The demonstrated advantages of TRIGA fuel over other fuel used in research and test reactors include:
- The warm neutron principle utilized in the UZrH fuel gives the reactor a "prompt negative temperature coefficient of reactivity" versus a delayed coefficient for other types of research reactors utilizing aluminum clad plate-type fuel. This allows TRIGA reactors to safely withstand events that would completely destroy plate-fueled reactor cores.
- UZrH is chemically stable. It can be safely quenched at 1200°C in water, while destructive and unsafe exothermic metal-water reactions take place with aluminum of plate-type fuel at 650°C.
- High-temperature strength and ductility of the stainless steel or Alloy 800 fuel cladding provides total clad integrity at temperatures as high as 950°C. The aluminum cladding on plate-type fuel melts and fails at about 650°C.
- The UZrH fuel material has far superior retention of radioactive fission products compared with aluminum-clad, plate-type fuel. These plate-type fuels will melt at about 650°C, releasing nearly all of the volatile fission product inventory in the fuel. At the same temperature, UZrH retains more than 99% of these fission products, even if all the cladding were to be removed.

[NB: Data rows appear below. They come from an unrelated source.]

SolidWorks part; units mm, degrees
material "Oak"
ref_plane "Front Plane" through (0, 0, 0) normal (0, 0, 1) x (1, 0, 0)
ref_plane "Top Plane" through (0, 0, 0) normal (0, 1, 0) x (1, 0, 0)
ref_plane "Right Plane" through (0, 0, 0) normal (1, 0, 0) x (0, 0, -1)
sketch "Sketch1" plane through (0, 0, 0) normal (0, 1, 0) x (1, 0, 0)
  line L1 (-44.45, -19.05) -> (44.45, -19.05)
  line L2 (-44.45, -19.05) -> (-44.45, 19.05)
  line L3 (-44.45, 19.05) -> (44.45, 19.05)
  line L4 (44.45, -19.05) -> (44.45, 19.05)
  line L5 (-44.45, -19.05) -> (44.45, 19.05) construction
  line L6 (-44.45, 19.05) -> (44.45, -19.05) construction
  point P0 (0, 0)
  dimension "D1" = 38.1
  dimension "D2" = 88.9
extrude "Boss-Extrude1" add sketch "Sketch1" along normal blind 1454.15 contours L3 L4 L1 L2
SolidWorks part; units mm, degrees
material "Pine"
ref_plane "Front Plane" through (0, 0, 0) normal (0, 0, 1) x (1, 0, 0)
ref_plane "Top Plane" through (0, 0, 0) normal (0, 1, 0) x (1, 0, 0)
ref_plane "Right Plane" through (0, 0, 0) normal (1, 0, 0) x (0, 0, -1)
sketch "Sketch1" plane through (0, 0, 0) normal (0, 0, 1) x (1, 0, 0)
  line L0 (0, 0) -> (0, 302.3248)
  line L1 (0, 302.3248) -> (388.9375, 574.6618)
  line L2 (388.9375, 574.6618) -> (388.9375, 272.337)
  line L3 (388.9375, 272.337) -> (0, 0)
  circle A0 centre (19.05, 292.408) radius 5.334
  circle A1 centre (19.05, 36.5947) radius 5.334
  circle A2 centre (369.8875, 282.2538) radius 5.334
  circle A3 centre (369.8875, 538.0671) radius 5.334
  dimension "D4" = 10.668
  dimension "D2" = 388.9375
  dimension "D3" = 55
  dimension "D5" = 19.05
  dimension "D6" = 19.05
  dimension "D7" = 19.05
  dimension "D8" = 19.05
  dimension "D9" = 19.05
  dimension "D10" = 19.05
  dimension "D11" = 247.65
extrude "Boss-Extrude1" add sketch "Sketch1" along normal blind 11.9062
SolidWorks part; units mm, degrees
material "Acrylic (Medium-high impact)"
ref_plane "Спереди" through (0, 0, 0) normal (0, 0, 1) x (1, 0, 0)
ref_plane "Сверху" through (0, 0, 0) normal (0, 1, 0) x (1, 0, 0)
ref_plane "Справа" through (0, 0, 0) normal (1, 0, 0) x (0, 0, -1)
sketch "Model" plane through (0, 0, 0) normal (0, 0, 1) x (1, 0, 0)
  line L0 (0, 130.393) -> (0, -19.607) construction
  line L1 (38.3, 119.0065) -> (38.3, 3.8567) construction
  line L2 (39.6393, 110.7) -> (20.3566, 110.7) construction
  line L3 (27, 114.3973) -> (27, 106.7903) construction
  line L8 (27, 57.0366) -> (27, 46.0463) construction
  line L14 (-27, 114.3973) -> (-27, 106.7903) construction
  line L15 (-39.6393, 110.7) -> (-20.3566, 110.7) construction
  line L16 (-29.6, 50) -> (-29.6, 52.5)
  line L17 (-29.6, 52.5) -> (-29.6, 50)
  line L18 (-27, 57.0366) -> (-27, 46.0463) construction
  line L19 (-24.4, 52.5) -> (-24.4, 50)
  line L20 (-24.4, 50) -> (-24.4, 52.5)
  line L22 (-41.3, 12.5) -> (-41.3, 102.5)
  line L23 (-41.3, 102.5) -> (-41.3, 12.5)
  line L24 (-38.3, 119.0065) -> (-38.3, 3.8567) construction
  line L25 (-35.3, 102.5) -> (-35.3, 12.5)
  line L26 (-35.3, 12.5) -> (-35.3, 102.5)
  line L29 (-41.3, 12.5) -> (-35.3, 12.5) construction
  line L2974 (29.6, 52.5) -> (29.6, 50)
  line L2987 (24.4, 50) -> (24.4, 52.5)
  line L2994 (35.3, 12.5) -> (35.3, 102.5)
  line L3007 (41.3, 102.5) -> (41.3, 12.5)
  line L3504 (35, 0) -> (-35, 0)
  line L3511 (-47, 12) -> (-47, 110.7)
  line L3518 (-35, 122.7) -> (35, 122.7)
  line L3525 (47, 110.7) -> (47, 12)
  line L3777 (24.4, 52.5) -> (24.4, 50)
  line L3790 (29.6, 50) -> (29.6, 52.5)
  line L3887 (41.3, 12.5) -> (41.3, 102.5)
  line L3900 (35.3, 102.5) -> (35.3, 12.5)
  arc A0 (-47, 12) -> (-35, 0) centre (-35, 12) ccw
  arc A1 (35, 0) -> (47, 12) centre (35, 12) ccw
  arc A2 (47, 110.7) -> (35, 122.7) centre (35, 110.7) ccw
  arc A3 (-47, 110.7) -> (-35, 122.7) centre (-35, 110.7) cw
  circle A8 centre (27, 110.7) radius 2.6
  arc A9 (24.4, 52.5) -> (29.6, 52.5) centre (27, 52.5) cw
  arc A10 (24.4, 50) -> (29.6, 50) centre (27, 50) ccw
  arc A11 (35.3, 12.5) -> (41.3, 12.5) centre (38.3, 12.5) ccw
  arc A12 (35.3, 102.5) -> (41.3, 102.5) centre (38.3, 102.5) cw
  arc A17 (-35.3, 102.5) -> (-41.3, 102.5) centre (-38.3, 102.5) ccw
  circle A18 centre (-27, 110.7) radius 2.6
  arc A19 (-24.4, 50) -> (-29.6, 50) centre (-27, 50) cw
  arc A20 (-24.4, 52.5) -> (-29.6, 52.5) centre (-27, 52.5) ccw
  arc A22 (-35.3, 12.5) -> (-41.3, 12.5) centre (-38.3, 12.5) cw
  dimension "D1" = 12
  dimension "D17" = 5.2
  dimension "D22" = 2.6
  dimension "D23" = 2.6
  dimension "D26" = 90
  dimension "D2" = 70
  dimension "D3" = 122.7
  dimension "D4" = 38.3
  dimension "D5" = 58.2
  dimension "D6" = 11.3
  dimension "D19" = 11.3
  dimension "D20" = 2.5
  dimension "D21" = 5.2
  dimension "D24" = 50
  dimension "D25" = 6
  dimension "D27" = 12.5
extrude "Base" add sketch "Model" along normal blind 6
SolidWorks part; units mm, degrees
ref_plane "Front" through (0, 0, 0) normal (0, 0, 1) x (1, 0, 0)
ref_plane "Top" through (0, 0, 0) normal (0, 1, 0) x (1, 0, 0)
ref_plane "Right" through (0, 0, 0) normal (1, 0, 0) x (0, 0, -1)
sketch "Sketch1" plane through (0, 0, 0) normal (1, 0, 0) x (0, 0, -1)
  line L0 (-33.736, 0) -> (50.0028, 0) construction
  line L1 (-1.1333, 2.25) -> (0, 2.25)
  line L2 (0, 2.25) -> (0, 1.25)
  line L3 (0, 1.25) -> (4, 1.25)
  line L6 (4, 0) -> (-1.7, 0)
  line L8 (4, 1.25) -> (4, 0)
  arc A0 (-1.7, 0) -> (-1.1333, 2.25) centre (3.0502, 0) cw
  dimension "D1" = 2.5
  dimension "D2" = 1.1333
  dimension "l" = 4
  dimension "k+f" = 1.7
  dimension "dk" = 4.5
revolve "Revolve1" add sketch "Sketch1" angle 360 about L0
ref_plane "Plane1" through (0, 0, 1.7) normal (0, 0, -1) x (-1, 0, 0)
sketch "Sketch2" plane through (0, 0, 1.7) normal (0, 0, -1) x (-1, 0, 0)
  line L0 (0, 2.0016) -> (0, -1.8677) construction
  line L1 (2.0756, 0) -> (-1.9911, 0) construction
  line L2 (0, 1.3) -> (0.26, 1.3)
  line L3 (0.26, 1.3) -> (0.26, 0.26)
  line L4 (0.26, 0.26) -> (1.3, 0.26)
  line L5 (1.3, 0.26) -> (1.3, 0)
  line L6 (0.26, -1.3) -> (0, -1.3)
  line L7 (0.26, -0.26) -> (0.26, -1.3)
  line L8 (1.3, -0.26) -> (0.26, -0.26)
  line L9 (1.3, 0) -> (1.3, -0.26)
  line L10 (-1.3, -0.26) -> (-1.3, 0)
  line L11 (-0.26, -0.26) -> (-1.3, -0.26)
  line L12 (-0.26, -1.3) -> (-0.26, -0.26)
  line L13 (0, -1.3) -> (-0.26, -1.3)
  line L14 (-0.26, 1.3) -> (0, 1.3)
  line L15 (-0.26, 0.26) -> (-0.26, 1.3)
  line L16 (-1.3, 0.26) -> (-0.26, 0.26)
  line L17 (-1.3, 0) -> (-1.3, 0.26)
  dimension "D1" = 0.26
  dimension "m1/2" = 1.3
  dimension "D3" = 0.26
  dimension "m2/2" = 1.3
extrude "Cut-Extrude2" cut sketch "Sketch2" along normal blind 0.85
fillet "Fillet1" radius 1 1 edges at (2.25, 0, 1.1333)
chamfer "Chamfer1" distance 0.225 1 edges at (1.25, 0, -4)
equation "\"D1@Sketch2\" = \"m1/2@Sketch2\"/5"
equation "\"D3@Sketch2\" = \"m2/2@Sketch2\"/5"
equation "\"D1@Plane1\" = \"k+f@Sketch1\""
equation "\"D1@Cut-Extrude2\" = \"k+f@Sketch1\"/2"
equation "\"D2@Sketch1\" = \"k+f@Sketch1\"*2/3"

The prototype TRIGA nuclear reactor was commissioned on General Atomics' then new site on May 3, 1958. Known as the TRIGA Mark I reactor, it was originally licensed to operate at a power level of 10 kilowatts, but was soon upgraded to 250 kilowatts. This little reactor, because of its inherently safe features, could also be rapidly "pulsed" to power levels of over 1,000 megawatts after which (and without any outside intervention) it would return, in a few thousandths of a second, to a safe low power as a result of the effect of the ubiquitous warm neutrons. This original TRIGA, designated as a nuclear historic landmark because it pioneered the use of unique, inherently safe capabilities in nuclear reactors, operated successfully until 1997, when it was permanently shut down because of its age. The pulsing feature of UZrH fueled reactors, first demonstrated in this prototype TRIGA at General Atomics, are standard among many TRIGA reactors, and special designs of pulsed TRIGA's in use today routinely achieve power levels of 22,000 MW to test the safety of fuels for nuclear power reactors.
In times of increasing public concern with the perceived hazards of nuclear facilities, the safety advantages of TRIGA type reactors in themselves justify the use of this technology. The unique safety of the UZrH fuel makes unnecessary the expensive pressure containment building required by present safety regulations for research reactors with aluminum clad plate-type fuel. In contrast, many TRIGA reactors are located in existing buildings on university campuses and even in hospitals.
Additionally, there are perceived environmental hazards associated with temporary storage of the spent fuel at the reactor facility, transportation of the fuel and its final disposal. The unique design of UZrH fuel allows it to be used for a significantly longer time in the reactor, typically three to four times as long as other types of fuel. Therefore in a given period of time, there will be only one-third to one-fourth as much spent fuel discharged from a TRIGA reactor. The results are far less spent fuel stored at the reactor site, less fuel to be transported over public highways, and less fuel to be put into permanent high level waste storage or reprocessed.